+++ LISTED RECORDS
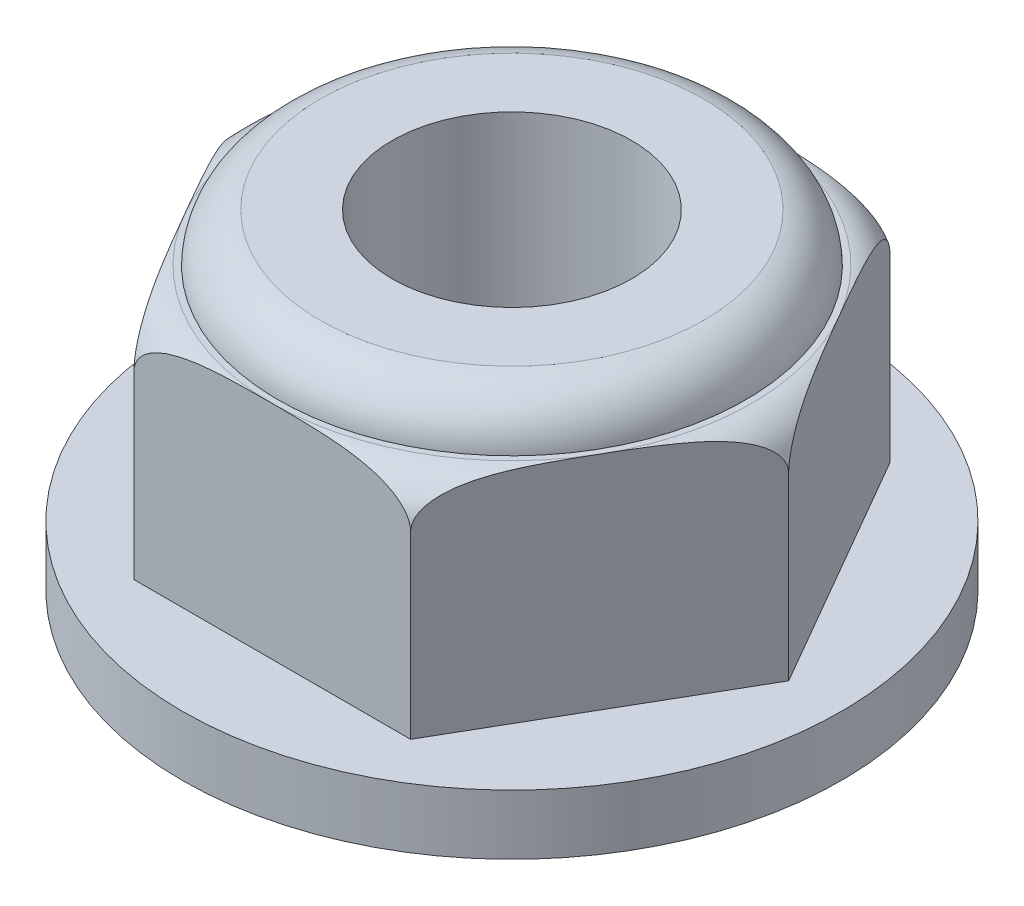
SolidWorks part; units mm, degrees
ref_plane "前视基准面" through (0, 0, 0) normal (0, 0, 1) x (1, 0, 0)
ref_plane "上视基准面" through (0, 0, 0) normal (0, 1, 0) x (1, 0, 0)
ref_plane "右视基准面" through (0, 0, 0) normal (1, 0, 0) x (0, 0, -1)
sketch "草图1" plane through (0, 0, 0) normal (0, 1, 0) x (1, 0, 0)
  circle A0 centre (0, 0) radius 5.5
  circle A1 centre (0, 0) radius 2
extrude "凸台-拉伸1" add sketch "草图1" along normal blind 1
sketch "草图2" plane through (0, 1, 0) normal (0, 1, 0) x (1, 0, 0)
  line L1 (4.6188, 0) -> (2.3094, 4)
  line L2 (2.3094, 4) -> (-2.3094, 4)
  line L3 (-2.3094, 4) -> (-4.6188, 0)
  line L4 (-4.6188, 0) -> (-2.3094, -4)
  line L5 (-2.3094, -4) -> (2.3094, -4)
  line L6 (2.3094, -4) -> (4.6188, 0)
  circle A0 centre (0, 0) radius 4 construction
  circle A1 centre (0, 0) radius 2
extrude "凸台-拉伸2" add sketch "草图2" along normal blind 4.5
sketch "草图3" plane through (0, 0, 0) normal (0, 0, 1) x (1, 0, 0)
  line L6 (0, 5.5) -> (0, 4.7)
  line L9 (-4.6188, 5.5) -> (-4.6188, 1) construction
  line L11 (-4.6188, 5.5) -> (-4.6188, 4)
  line L12 (-3.2, 5.5) -> (-4.6188, 5.5)
  line L13 (-2.3094, 5.5) -> (2.3094, 5.5) construction
  line L15 (-4, 4.7) -> (-3.9, 4.7)
  arc A1 (-4.6188, 4) -> (-4, 4.7) centre (-3.9135, 4) cw
  arc A2 (-3.2, 5.5) -> (-3.9, 4.7) centre (-3.0337, 4.6482) ccw
revolve "切除-旋转1" cut sketch "草图3" angle 360 about L6
++++++
* _EXERCISE BRIEF_:
Each line from the one containing "line L2 (2.3094, 4) -> (-2.3094, 4)" through the last line of the entries above is to be returned exactly, and no others.

* _WRITTEN SOLUTION_:
  line L2 (2.3094, 4) -> (-2.3094, 4)
  line L3 (-2.3094, 4) -> (-4.6188, 0)
  line L4 (-4.6188, 0) -> (-2.3094, -4)
  line L5 (-2.3094, -4) -> (2.3094, -4)
  line L6 (2.3094, -4) -> (4.6188, 0)
  circle A0 centre (0, 0) radius 4 construction
  circle A1 centre (0, 0) radius 2
extrude "凸台-拉伸2" add sketch "草图2" along normal blind 4.5
sketch "草图3" plane through (0, 0, 0) normal (0, 0, 1) x (1, 0, 0)
  line L6 (0, 5.5) -> (0, 4.7)
  line L9 (-4.6188, 5.5) -> (-4.6188, 1) construction
  line L11 (-4.6188, 5.5) -> (-4.6188, 4)
  line L12 (-3.2, 5.5) -> (-4.6188, 5.5)
  line L13 (-2.3094, 5.5) -> (2.3094, 5.5) construction
  line L15 (-4, 4.7) -> (-3.9, 4.7)
  arc A1 (-4.6188, 4) -> (-4, 4.7) centre (-3.9135, 4) cw
  arc A2 (-3.2, 5.5) -> (-3.9, 4.7) centre (-3.0337, 4.6482) ccw
revolve "切除-旋转1" cut sketch "草图3" angle 360 about L6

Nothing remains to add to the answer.